▶ WHAT IS NEEDED: Look below for the line holding "Step : Step" and the line holding "Whipple Bicycle CCf form1/2(x1)". Transcribe exactly those lines and all lines between them, nothing more.

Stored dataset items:
============

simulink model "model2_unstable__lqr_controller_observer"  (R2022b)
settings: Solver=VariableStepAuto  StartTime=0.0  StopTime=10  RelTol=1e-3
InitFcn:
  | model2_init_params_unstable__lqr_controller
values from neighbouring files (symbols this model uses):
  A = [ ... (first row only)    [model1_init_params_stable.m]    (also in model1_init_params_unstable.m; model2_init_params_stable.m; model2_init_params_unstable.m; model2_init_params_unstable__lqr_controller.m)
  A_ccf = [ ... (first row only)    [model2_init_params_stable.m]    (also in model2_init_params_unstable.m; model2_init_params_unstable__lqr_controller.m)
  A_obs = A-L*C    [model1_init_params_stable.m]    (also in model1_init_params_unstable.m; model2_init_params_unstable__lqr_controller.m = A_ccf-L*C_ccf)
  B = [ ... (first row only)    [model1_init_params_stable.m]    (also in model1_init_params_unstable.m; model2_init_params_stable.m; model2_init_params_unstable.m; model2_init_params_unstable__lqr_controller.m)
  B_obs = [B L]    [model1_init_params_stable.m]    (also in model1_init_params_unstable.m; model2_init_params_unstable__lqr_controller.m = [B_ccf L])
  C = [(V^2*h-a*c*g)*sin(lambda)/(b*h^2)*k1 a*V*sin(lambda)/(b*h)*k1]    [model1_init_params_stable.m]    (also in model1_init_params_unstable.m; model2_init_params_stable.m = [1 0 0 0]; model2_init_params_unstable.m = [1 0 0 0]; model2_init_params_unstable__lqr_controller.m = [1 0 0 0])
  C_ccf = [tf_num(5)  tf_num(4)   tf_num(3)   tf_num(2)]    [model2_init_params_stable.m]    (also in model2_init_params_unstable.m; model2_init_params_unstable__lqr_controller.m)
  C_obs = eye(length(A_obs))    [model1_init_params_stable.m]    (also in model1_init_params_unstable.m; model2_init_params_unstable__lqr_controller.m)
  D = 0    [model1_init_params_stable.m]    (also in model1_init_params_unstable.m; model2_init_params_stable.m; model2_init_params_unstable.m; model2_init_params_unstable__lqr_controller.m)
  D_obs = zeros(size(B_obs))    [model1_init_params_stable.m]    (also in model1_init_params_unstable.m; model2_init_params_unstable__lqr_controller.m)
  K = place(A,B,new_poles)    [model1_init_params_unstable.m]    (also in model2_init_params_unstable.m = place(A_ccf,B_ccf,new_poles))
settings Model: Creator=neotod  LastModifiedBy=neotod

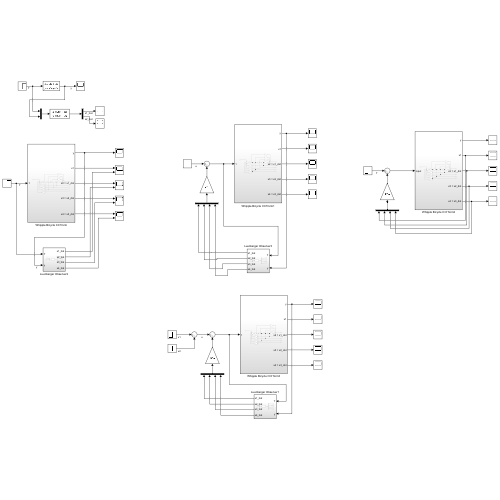
[thumbnail: Simulink's stored preview of the top-level diagram]
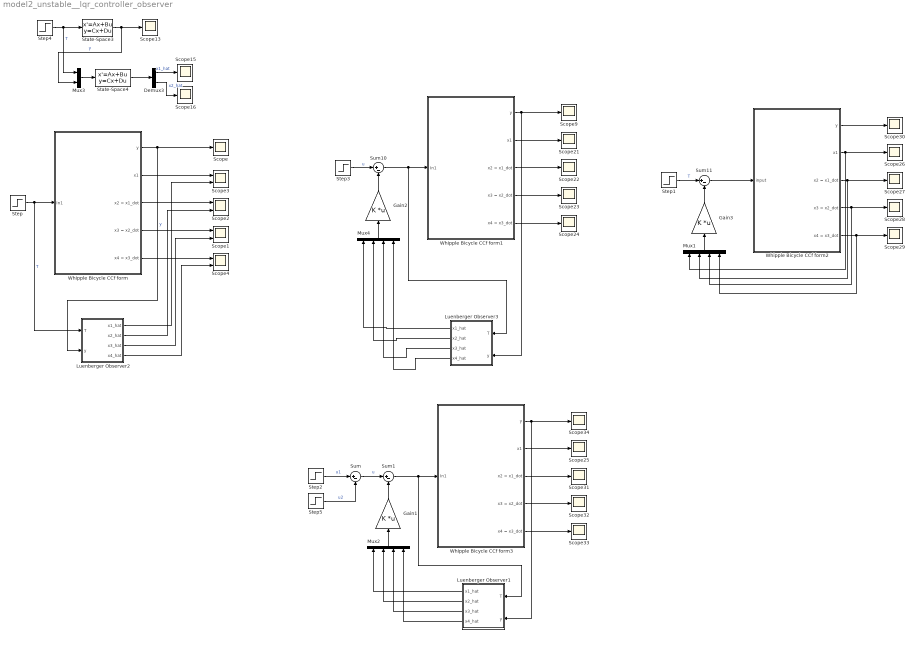
== system model2_unstable__lqr_controller_observer ==
  Demux3 : Demux  Outputs=2
  Gain1 : Gain  Gain=K  Multiplication=Matrix(K*u)
  Gain2 : Gain  Gain=K  Multiplication=Matrix(K*u)
  Gain3 : Gain  Gain=K  Multiplication=Matrix(K*u)
  Luenberger Observer1 : Subsystem
  Luenberger Observer2 : Subsystem
  Luenberger Observer3 : Subsystem
  Mux1 : Mux
  Mux2 : Mux
  Mux3 : Mux  Inputs=2
  Mux4 : Mux
  Scope{,9,13,15..16,21..34} (19 alike) : Scope
  Scope{1..4} (4 alike) : Scope  NumInputPorts=2
  State-Space3 : StateSpace  A=A  B=B  C=C  D=D  InitialCondition=0
  State-Space4 : StateSpace  A=A_obs  B=B_obs  C=C_obs  D=D_obs  InitialCondition=0
  Step : Step  After=0.6  SampleTime=0
  Step1 : Step  After=0.6  SampleTime=0
  Step2 : Step  Time=0.25  SampleTime=0
  Step3 : Step  After=0.6  SampleTime=0
  Step4 : Step  SampleTime=0
  Step5 : Step  Time=0.5  SampleTime=0
  Sum{,1,10..11} (4 alike) : Sum  Inputs=|+-
  Whipple Bicycle CCf form : Subsystem
  Whipple Bicycle CCf form1 : Subsystem
  Whipple Bicycle CCf form2 : Subsystem
  Whipple Bicycle CCf form3 : Subsystem
  wires:
  Step4/1 -> Mux3/1, State-Space3/1  "T"
  State-Space3/1 -> Mux3/2, Scope13/1  "y"
  State-Space4/1 -> Demux3/1
  Mux3/1 -> State-Space4/1
  Demux3/1 -> Scope15/1  "x1_hat"
  Demux3/2 -> Scope16/1  "x2_hat"
  Whipple Bicycle CCf form/2(x1) -> Scope3/1
  Whipple Bicycle CCf form/5(x4 = x3_dot) -> Scope4/1
  Whipple Bicycle CCf form/4(x3 = x2_dot) -> Scope1/1
  Whipple Bicycle CCf form/3(x2 = x1_dot) -> Scope2/1
  Step/1 -> Luenberger Observer2/1(T), Whipple Bicycle CCf form/1(In1)  "T"
  Whipple Bicycle CCf form/1(y) -> Luenberger Observer2/2(y), Scope/1  "y"
  Whipple Bicycle CCf form1/5(x4 = x3_dot) -> Scope24/1
  Luenberger Observer3/2(x2_hat) -> Mux4/2
  Whipple Bicycle CCf form1/4(x3 = x2_dot) -> Scope23/1
  Luenberger Observer3/3(x3_hat) -> Mux4/3
  Whipple Bicycle CCf form1/2(x1) -> Scope21/1
  Whipple Bicycle CCf form1/3(x2 = x1_dot) -> Scope22/1
  Luenberger Observer3/1(x1_hat) -> Mux4/1
  Luenberger Observer3/4(x4_hat) -> Mux4/4
  Whipple Bicycle CCf form1/1(y) -> Luenberger Observer3/2(y), Scope9/1
  Step3/1 -> Sum10/1  "u"
  Sum10/1 -> Luenberger Observer3/1(T), Whipple Bicycle CCf form1/1(In1)
  Mux4/1 -> Gain2/1
  Gain2/1 -> Sum10/2
  Sum11/1 -> Whipple Bicycle CCf form2/1(input)
  Step1/1 -> Sum11/1  "T"
  Whipple Bicycle CCf form2/2(x1) -> Mux1/1, Scope26/1
  Whipple Bicycle CCf form2/3(x2 = x1_dot) -> Mux1/2, Scope27/1
  Whipple Bicycle CCf form2/5(x4 = x3_dot) -> Mux1/4, Scope29/1
  Mux1/1 -> Gain3/1
  Gain3/1 -> Sum11/2
  Whipple Bicycle CCf form2/4(x3 = x2_dot) -> Mux1/3, Scope28/1
  Whipple Bicycle CCf form2/1(y) -> Scope30/1
  Sum1/1 -> Luenberger Observer1/1(T), Whipple Bicycle CCf form3/1(In1)
  Gain1/1 -> Sum1/2
  Whipple Bicycle CCf form3/4(x3 = x2_dot) -> Scope32/1
  Whipple Bicycle CCf form3/3(x2 = x1_dot) -> Scope31/1
  Whipple Bicycle CCf form3/1(y) -> Luenberger Observer1/2(y), Scope34/1
  Mux2/1 -> Gain1/1
  Luenberger Observer1/4(x4_hat) -> Mux2/4
  Luenberger Observer1/1(x1_hat) -> Mux2/1
  Whipple Bicycle CCf form3/5(x4 = x3_dot) -> Scope33/1
  Luenberger Observer1/2(x2_hat) -> Mux2/2
  Luenberger Observer1/3(x3_hat) -> Mux2/3
  Whipple Bicycle CCf form3/2(x1) -> Scope25/1
  Sum/1 -> Sum1/1  "u"
  Step2/1 -> Sum/1  "u1"
  Step5/1 -> Sum/2  "u2"
  Luenberger Observer2/1(x1_hat) -> Scope3/2
  Luenberger Observer2/2(x2_hat) -> Scope2/2
  Luenberger Observer2/3(x3_hat) -> Scope1/2
  Luenberger Observer2/4(x4_hat) -> Scope4/2

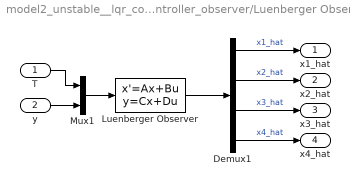
== system model2_unstable__lqr_controller_observer/Luenberger Observer1 ==
  T : Inport
  y : Inport  Port=2
  Demux1 : Demux
  Luenberger Observer : StateSpace  A=A_obs  B=B_obs  C=C_obs  D=D_obs  InitialCondition=0
  Mux1 : Mux  Inputs=2
  x1_hat : Outport
  x2_hat : Outport  Port=2
  x3_hat : Outport  Port=3
  x4_hat : Outport  Port=4
  wires:
  Demux1/2 -> x2_hat/1  "x2_hat"
  Mux1/1 -> Luenberger Observer/1
  Luenberger Observer/1 -> Demux1/1
  Demux1/1 -> x1_hat/1  "x1_hat"
  Demux1/3 -> x3_hat/1  "x3_hat"
  Demux1/4 -> x4_hat/1  "x4_hat"
  y/1 -> Mux1/2
  T/1 -> Mux1/1

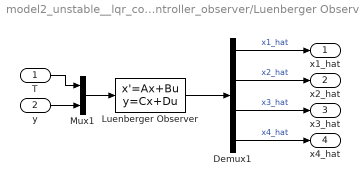
== system model2_unstable__lqr_controller_observer/Luenberger Observer2 ==
  T : Inport
  y : Inport  Port=2
  Demux1 : Demux
  Luenberger Observer : StateSpace  A=A_obs  B=B_obs  C=C_obs  D=D_obs  InitialCondition=0
  Mux1 : Mux  Inputs=2
  x1_hat : Outport
  x2_hat : Outport  Port=2
  x3_hat : Outport  Port=3
  x4_hat : Outport  Port=4
  wires:
  Demux1/2 -> x2_hat/1  "x2_hat"
  Mux1/1 -> Luenberger Observer/1
  Luenberger Observer/1 -> Demux1/1
  Demux1/1 -> x1_hat/1  "x1_hat"
  Demux1/3 -> x3_hat/1  "x3_hat"
  Demux1/4 -> x4_hat/1  "x4_hat"
  T/1 -> Mux1/1
  y/1 -> Mux1/2

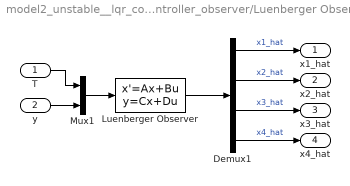
== system model2_unstable__lqr_controller_observer/Luenberger Observer3 ==
  T : Inport
  y : Inport  Port=2
  Demux1 : Demux
  Luenberger Observer : StateSpace  A=A_obs  B=B_obs  C=C_obs  D=D_obs  InitialCondition=0
  Mux1 : Mux  Inputs=2
  x1_hat : Outport
  x2_hat : Outport  Port=2
  x3_hat : Outport  Port=3
  x4_hat : Outport  Port=4
  wires:
  Demux1/2 -> x2_hat/1  "x2_hat"
  Mux1/1 -> Luenberger Observer/1
  Luenberger Observer/1 -> Demux1/1
  Demux1/1 -> x1_hat/1  "x1_hat"
  Demux1/3 -> x3_hat/1  "x3_hat"
  Demux1/4 -> x4_hat/1  "x4_hat"
  y/1 -> Mux1/2
  T/1 -> Mux1/1

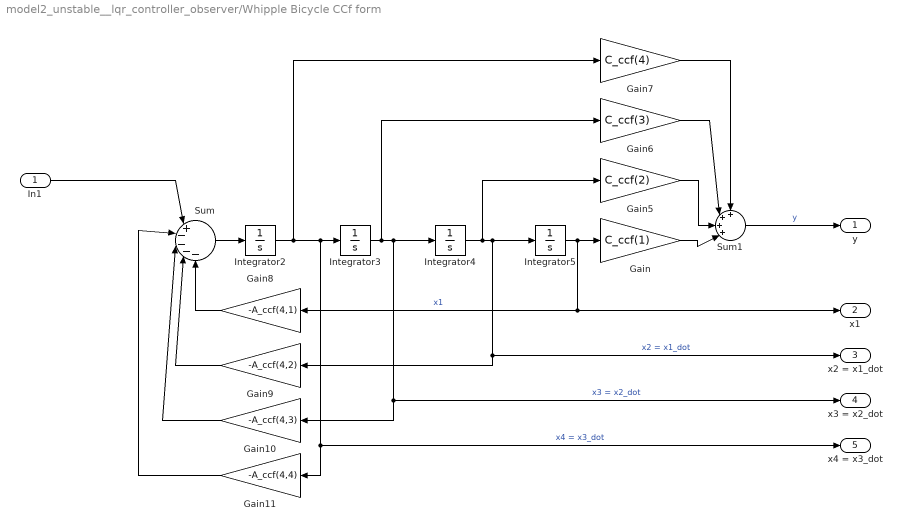
== system model2_unstable__lqr_controller_observer/Whipple Bicycle CCf form ==
  In1 : Inport
  Gain : Gain  Gain=C_ccf(1)
  Gain10 : Gain  Gain=-A_ccf(4,3)
  Gain11 : Gain  Gain=-A_ccf(4,4)
  Gain5 : Gain  Gain=C_ccf(2)
  Gain6 : Gain  Gain=C_ccf(3)
  Gain7 : Gain  Gain=C_ccf(4)
  Gain8 : Gain  Gain=-A_ccf(4,1)
  Gain9 : Gain  Gain=-A_ccf(4,2)
  Integrator{2..5} (4 alike) : Integrator
  Sum : Sum  Inputs=|+----
  Sum1 : Sum  Inputs=++++|
  y : Outport
  x1 : Outport  Port=2
  x2 = x1_dot : Outport  Port=3
  x3 = x2_dot : Outport  Port=4
  x4 = x3_dot : Outport  Port=5
  wires:
  Integrator3/1 -> Gain6/1, x3 = x2_dot/1, Gain10/1, Integrator4/1  "x3 = x2_dot"
  Gain7/1 -> Sum1/1
  Integrator2/1 -> Gain7/1, x4 = x3_dot/1, Gain11/1, Integrator3/1  "x4 = x3_dot"
  Integrator5/1 -> x1/1, Gain8/1, Gain/1  "x1"
  Gain10/1 -> Sum/3
  Integrator4/1 -> Gain5/1, x2 = x1_dot/1, Gain9/1, Integrator5/1  "x2 = x1_dot"
  Gain6/1 -> Sum1/2
  Sum1/1 -> y/1  "y"
  In1/1 -> Sum/1
  Gain8/1 -> Sum/5
  Sum/1 -> Integrator2/1
  Gain5/1 -> Sum1/3
  Gain/1 -> Sum1/4
  Gain11/1 -> Sum/2
  Gain9/1 -> Sum/4

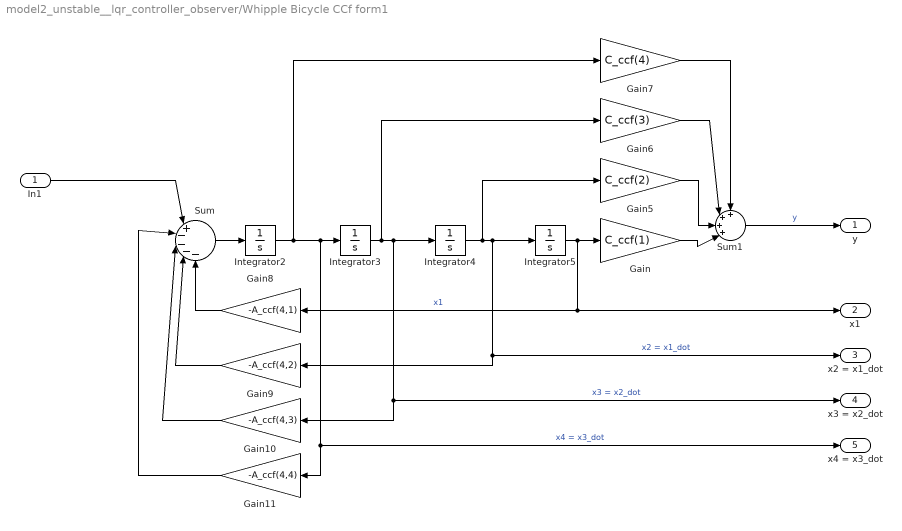
== system model2_unstable__lqr_controller_observer/Whipple Bicycle CCf form1 ==
  In1 : Inport
  Gain : Gain  Gain=C_ccf(1)
  Gain10 : Gain  Gain=-A_ccf(4,3)
  Gain11 : Gain  Gain=-A_ccf(4,4)
  Gain5 : Gain  Gain=C_ccf(2)
  Gain6 : Gain  Gain=C_ccf(3)
  Gain7 : Gain  Gain=C_ccf(4)
  Gain8 : Gain  Gain=-A_ccf(4,1)
  Gain9 : Gain  Gain=-A_ccf(4,2)
  Integrator{2..5} (4 alike) : Integrator
  Sum : Sum  Inputs=|+----
  Sum1 : Sum  Inputs=++++|
  y : Outport
  x1 : Outport  Port=2
  x2 = x1_dot : Outport  Port=3
  x3 = x2_dot : Outport  Port=4
  x4 = x3_dot : Outport  Port=5
  wires:
  Integrator3/1 -> Gain6/1, x3 = x2_dot/1, Gain10/1, Integrator4/1  "x3 = x2_dot"
  Gain7/1 -> Sum1/1
  Integrator2/1 -> Gain7/1, x4 = x3_dot/1, Gain11/1, Integrator3/1  "x4 = x3_dot"
  Integrator5/1 -> x1/1, Gain8/1, Gain/1  "x1"
  Gain10/1 -> Sum/3
  Integrator4/1 -> Gain5/1, x2 = x1_dot/1, Gain9/1, Integrator5/1  "x2 = x1_dot"
  Gain6/1 -> Sum1/2
  Sum1/1 -> y/1  "y"
  In1/1 -> Sum/1
  Gain8/1 -> Sum/5
  Sum/1 -> Integrator2/1
  Gain5/1 -> Sum1/3
  Gain/1 -> Sum1/4
  Gain11/1 -> Sum/2
  Gain9/1 -> Sum/4

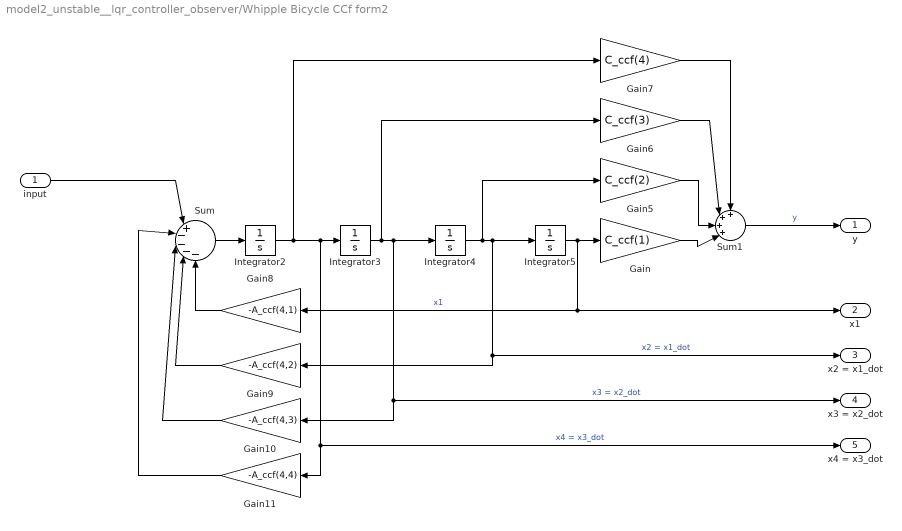
== system model2_unstable__lqr_controller_observer/Whipple Bicycle CCf form2 ==
  input : Inport
  Gain : Gain  Gain=C_ccf(1)
  Gain10 : Gain  Gain=-A_ccf(4,3)
  Gain11 : Gain  Gain=-A_ccf(4,4)
  Gain5 : Gain  Gain=C_ccf(2)
  Gain6 : Gain  Gain=C_ccf(3)
  Gain7 : Gain  Gain=C_ccf(4)
  Gain8 : Gain  Gain=-A_ccf(4,1)
  Gain9 : Gain  Gain=-A_ccf(4,2)
  Integrator{2..5} (4 alike) : Integrator
  Sum : Sum  Inputs=|+----
  Sum1 : Sum  Inputs=++++|
  y : Outport
  x1 : Outport  Port=2
  x2 = x1_dot : Outport  Port=3
  x3 = x2_dot : Outport  Port=4
  x4 = x3_dot : Outport  Port=5
  wires:
  Integrator3/1 -> Gain6/1, x3 = x2_dot/1, Gain10/1, Integrator4/1  "x3 = x2_dot"
  Gain7/1 -> Sum1/1
  Integrator2/1 -> Gain7/1, x4 = x3_dot/1, Gain11/1, Integrator3/1  "x4 = x3_dot"
  Integrator5/1 -> x1/1, Gain8/1, Gain/1  "x1"
  Gain10/1 -> Sum/3
  Integrator4/1 -> Gain5/1, x2 = x1_dot/1, Gain9/1, Integrator5/1  "x2 = x1_dot"
  Gain6/1 -> Sum1/2
  Sum1/1 -> y/1  "y"
  input/1 -> Sum/1
  Gain8/1 -> Sum/5
  Sum/1 -> Integrator2/1
  Gain5/1 -> Sum1/3
  Gain/1 -> Sum1/4
  Gain11/1 -> Sum/2
  Gain9/1 -> Sum/4

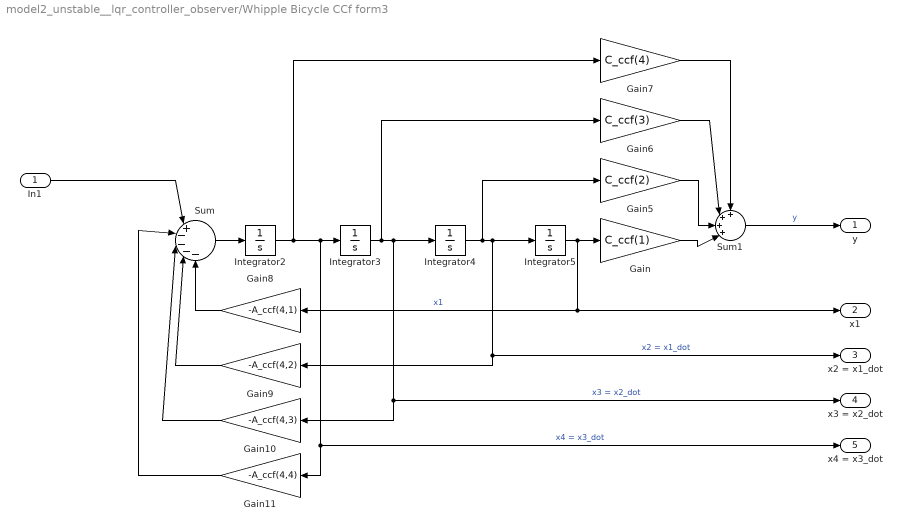
== system model2_unstable__lqr_controller_observer/Whipple Bicycle CCf form3 ==
  In1 : Inport
  Gain : Gain  Gain=C_ccf(1)
  Gain10 : Gain  Gain=-A_ccf(4,3)
  Gain11 : Gain  Gain=-A_ccf(4,4)
  Gain5 : Gain  Gain=C_ccf(2)
  Gain6 : Gain  Gain=C_ccf(3)
  Gain7 : Gain  Gain=C_ccf(4)
  Gain8 : Gain  Gain=-A_ccf(4,1)
  Gain9 : Gain  Gain=-A_ccf(4,2)
  Integrator{2..5} (4 alike) : Integrator
  Sum : Sum  Inputs=|+----
  Sum1 : Sum  Inputs=++++|
  y : Outport
  x1 : Outport  Port=2
  x2 = x1_dot : Outport  Port=3
  x3 = x2_dot : Outport  Port=4
  x4 = x3_dot : Outport  Port=5
  wires:
  Integrator3/1 -> Gain6/1, x3 = x2_dot/1, Gain10/1, Integrator4/1  "x3 = x2_dot"
  Gain7/1 -> Sum1/1
  Integrator2/1 -> Gain7/1, x4 = x3_dot/1, Gain11/1, Integrator3/1  "x4 = x3_dot"
  Integrator5/1 -> x1/1, Gain8/1, Gain/1  "x1"
  Gain10/1 -> Sum/3
  Integrator4/1 -> Gain5/1, x2 = x1_dot/1, Gain9/1, Integrator5/1  "x2 = x1_dot"
  Gain6/1 -> Sum1/2
  Sum1/1 -> y/1  "y"
  In1/1 -> Sum/1
  Gain8/1 -> Sum/5
  Sum/1 -> Integrator2/1
  Gain5/1 -> Sum1/3
  Gain/1 -> Sum1/4
  Gain11/1 -> Sum/2
  Gain9/1 -> Sum/4

============

▶ FINISHED TASK:
  Step : Step  After=0.6  SampleTime=0
  Step1 : Step  After=0.6  SampleTime=0
  Step2 : Step  Time=0.25  SampleTime=0
  Step3 : Step  After=0.6  SampleTime=0
  Step4 : Step  SampleTime=0
  Step5 : Step  Time=0.5  SampleTime=0
  Sum{,1,10..11} (4 alike) : Sum  Inputs=|+-
  Whipple Bicycle CCf form : Subsystem
  Whipple Bicycle CCf form1 : Subsystem
  Whipple Bicycle CCf form2 : Subsystem
  Whipple Bicycle CCf form3 : Subsystem
  wires:
  Step4/1 -> Mux3/1, State-Space3/1  "T"
  State-Space3/1 -> Mux3/2, Scope13/1  "y"
  State-Space4/1 -> Demux3/1
  Mux3/1 -> State-Space4/1
  Demux3/1 -> Scope15/1  "x1_hat"
  Demux3/2 -> Scope16/1  "x2_hat"
  Whipple Bicycle CCf form/2(x1) -> Scope3/1
  Whipple Bicycle CCf form/5(x4 = x3_dot) -> Scope4/1
  Whipple Bicycle CCf form/4(x3 = x2_dot) -> Scope1/1
  Whipple Bicycle CCf form/3(x2 = x1_dot) -> Scope2/1
  Step/1 -> Luenberger Observer2/1(T), Whipple Bicycle CCf form/1(In1)  "T"
  Whipple Bicycle CCf form/1(y) -> Luenberger Observer2/2(y), Scope/1  "y"
  Whipple Bicycle CCf form1/5(x4 = x3_dot) -> Scope24/1
  Luenberger Observer3/2(x2_hat) -> Mux4/2
  Whipple Bicycle CCf form1/4(x3 = x2_dot) -> Scope23/1
  Luenberger Observer3/3(x3_hat) -> Mux4/3
  Whipple Bicycle CCf form1/2(x1) -> Scope21/1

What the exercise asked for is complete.